Print the data below exactly, but only the lines from the one containing "function J = fn_Create_J(p)" down to the one containing "t_delta: sampling time", inclusive.
━━━ Source records
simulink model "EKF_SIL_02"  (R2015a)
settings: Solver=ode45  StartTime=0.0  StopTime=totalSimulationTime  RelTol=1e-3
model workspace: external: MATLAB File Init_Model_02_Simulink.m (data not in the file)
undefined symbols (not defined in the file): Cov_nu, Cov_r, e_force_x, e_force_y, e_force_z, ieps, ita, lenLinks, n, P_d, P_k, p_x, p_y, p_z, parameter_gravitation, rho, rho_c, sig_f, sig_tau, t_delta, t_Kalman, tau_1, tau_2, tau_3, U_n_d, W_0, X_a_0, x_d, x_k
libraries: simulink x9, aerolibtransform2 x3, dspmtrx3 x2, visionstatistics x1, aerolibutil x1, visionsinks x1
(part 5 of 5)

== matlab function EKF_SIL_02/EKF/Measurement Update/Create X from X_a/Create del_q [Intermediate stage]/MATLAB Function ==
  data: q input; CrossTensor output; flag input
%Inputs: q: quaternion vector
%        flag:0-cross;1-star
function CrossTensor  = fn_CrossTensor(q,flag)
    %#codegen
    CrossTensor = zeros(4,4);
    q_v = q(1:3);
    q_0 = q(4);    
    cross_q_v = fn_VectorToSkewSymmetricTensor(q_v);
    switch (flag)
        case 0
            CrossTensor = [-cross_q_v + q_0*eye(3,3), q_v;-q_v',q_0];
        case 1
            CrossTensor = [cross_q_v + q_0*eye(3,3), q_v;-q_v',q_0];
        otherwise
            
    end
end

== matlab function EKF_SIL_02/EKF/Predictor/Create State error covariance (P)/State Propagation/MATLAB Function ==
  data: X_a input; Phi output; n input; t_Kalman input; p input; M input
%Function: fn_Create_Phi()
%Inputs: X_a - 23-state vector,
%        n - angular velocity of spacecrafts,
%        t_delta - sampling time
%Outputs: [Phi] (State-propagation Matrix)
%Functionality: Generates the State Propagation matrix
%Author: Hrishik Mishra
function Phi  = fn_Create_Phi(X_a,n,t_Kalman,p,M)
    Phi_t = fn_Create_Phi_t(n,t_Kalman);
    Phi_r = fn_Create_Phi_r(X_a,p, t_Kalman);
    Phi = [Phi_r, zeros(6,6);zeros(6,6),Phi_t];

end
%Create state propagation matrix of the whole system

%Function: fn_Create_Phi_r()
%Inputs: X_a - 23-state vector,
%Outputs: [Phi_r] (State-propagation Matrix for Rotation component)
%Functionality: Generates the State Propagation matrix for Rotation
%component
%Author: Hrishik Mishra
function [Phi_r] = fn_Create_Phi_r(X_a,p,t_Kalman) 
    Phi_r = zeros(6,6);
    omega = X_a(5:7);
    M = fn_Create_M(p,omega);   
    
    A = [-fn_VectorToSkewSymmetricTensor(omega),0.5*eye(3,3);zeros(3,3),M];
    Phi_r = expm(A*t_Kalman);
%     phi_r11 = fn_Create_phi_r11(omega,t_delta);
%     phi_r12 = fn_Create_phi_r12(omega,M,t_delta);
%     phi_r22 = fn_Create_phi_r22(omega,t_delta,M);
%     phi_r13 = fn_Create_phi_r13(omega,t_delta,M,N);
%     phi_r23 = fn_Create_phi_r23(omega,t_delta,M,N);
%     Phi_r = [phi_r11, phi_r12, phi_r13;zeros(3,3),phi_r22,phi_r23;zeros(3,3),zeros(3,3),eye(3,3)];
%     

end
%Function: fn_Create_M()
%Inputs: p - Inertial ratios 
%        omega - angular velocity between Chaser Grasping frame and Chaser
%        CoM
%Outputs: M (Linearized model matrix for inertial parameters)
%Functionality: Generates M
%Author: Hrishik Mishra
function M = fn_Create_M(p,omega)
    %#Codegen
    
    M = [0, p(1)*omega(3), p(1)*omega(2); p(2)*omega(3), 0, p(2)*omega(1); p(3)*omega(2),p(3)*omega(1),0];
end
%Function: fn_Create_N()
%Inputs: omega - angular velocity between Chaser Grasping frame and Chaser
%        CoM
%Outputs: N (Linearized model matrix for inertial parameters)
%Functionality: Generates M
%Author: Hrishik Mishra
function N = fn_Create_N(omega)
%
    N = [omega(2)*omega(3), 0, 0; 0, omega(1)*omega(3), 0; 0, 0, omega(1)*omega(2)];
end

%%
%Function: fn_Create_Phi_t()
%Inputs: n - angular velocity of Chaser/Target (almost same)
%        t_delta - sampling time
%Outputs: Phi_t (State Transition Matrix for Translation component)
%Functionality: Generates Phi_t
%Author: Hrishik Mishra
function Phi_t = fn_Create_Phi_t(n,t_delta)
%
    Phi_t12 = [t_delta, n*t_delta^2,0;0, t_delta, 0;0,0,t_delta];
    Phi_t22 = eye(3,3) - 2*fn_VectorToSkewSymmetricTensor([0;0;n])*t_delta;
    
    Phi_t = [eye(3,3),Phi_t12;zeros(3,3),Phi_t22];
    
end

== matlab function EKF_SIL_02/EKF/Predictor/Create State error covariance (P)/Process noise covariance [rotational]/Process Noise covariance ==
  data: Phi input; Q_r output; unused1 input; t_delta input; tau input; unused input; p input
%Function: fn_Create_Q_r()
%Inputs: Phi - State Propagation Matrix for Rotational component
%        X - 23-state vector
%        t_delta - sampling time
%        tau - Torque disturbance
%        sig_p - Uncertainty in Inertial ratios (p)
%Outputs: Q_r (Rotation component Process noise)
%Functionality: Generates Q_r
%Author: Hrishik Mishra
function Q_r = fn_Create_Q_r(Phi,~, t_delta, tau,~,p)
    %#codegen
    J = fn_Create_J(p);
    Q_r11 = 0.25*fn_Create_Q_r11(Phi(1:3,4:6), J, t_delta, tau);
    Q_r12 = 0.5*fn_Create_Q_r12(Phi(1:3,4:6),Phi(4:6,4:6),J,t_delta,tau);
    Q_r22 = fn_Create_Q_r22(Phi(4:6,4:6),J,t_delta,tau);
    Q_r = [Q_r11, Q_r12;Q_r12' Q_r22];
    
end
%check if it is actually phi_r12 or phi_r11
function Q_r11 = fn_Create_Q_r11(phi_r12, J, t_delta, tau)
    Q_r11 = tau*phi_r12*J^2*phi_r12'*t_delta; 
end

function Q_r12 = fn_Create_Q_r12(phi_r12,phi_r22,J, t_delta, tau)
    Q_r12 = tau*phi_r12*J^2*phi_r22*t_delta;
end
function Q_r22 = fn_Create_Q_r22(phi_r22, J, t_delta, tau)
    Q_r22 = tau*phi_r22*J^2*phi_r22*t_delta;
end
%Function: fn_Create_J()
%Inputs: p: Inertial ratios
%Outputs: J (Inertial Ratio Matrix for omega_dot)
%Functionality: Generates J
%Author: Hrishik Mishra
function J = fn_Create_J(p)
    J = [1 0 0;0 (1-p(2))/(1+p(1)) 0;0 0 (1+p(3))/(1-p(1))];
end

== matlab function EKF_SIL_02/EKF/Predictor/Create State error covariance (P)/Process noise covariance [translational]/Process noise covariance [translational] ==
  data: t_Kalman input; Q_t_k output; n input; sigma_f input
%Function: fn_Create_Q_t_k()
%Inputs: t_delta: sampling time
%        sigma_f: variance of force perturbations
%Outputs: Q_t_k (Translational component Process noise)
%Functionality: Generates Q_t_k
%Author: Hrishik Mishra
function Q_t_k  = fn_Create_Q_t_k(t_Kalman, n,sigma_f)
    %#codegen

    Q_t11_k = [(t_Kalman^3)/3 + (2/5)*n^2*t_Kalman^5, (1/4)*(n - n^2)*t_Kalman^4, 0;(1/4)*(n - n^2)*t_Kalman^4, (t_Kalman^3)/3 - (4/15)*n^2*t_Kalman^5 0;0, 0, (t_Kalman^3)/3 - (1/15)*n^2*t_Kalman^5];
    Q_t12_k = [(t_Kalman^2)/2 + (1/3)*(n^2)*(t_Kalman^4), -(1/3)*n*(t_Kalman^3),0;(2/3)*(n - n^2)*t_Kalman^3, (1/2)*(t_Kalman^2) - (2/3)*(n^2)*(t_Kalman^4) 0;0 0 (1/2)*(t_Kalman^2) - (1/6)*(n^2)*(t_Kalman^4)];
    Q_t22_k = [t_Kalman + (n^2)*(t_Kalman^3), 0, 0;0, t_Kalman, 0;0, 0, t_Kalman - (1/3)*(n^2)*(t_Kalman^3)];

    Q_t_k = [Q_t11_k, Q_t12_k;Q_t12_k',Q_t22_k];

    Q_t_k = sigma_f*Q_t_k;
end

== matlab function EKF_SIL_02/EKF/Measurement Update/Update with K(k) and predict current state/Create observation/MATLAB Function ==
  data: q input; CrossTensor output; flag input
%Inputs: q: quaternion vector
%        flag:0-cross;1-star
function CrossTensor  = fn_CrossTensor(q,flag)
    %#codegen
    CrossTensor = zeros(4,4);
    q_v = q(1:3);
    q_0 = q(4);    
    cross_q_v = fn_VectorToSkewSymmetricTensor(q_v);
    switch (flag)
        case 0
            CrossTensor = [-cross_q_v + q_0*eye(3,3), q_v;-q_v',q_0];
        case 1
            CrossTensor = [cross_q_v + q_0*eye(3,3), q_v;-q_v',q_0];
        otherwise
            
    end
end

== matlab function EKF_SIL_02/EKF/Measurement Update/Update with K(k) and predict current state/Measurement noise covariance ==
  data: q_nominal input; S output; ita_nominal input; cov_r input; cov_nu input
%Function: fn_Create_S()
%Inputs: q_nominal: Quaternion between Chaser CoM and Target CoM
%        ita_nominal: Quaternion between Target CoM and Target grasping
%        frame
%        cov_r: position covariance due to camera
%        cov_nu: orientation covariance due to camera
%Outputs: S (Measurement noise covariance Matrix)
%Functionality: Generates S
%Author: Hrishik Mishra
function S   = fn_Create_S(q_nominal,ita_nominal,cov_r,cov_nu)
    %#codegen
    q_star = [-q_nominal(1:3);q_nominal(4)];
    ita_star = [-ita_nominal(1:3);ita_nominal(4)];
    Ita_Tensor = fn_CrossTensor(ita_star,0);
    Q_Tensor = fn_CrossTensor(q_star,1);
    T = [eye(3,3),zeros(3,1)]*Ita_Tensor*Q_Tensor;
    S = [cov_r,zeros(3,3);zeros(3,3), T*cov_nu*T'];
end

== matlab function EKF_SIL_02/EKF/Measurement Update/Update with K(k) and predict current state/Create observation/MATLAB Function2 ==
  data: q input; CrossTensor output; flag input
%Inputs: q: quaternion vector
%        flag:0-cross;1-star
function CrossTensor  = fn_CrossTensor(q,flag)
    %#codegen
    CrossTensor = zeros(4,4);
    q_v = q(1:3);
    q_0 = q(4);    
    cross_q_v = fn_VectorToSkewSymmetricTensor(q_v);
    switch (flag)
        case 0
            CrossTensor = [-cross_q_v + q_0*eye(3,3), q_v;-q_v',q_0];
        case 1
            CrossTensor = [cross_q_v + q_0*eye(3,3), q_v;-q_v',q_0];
━━━━━━
Output for this exercise:
function J = fn_Create_J(p)
    J = [1 0 0;0 (1-p(2))/(1+p(1)) 0;0 0 (1+p(3))/(1-p(1))];
end

== matlab function EKF_SIL_02/EKF/Predictor/Create State error covariance (P)/Process noise covariance [translational]/Process noise covariance [translational] ==
  data: t_Kalman input; Q_t_k output; n input; sigma_f input
%Function: fn_Create_Q_t_k()
%Inputs: t_delta: sampling time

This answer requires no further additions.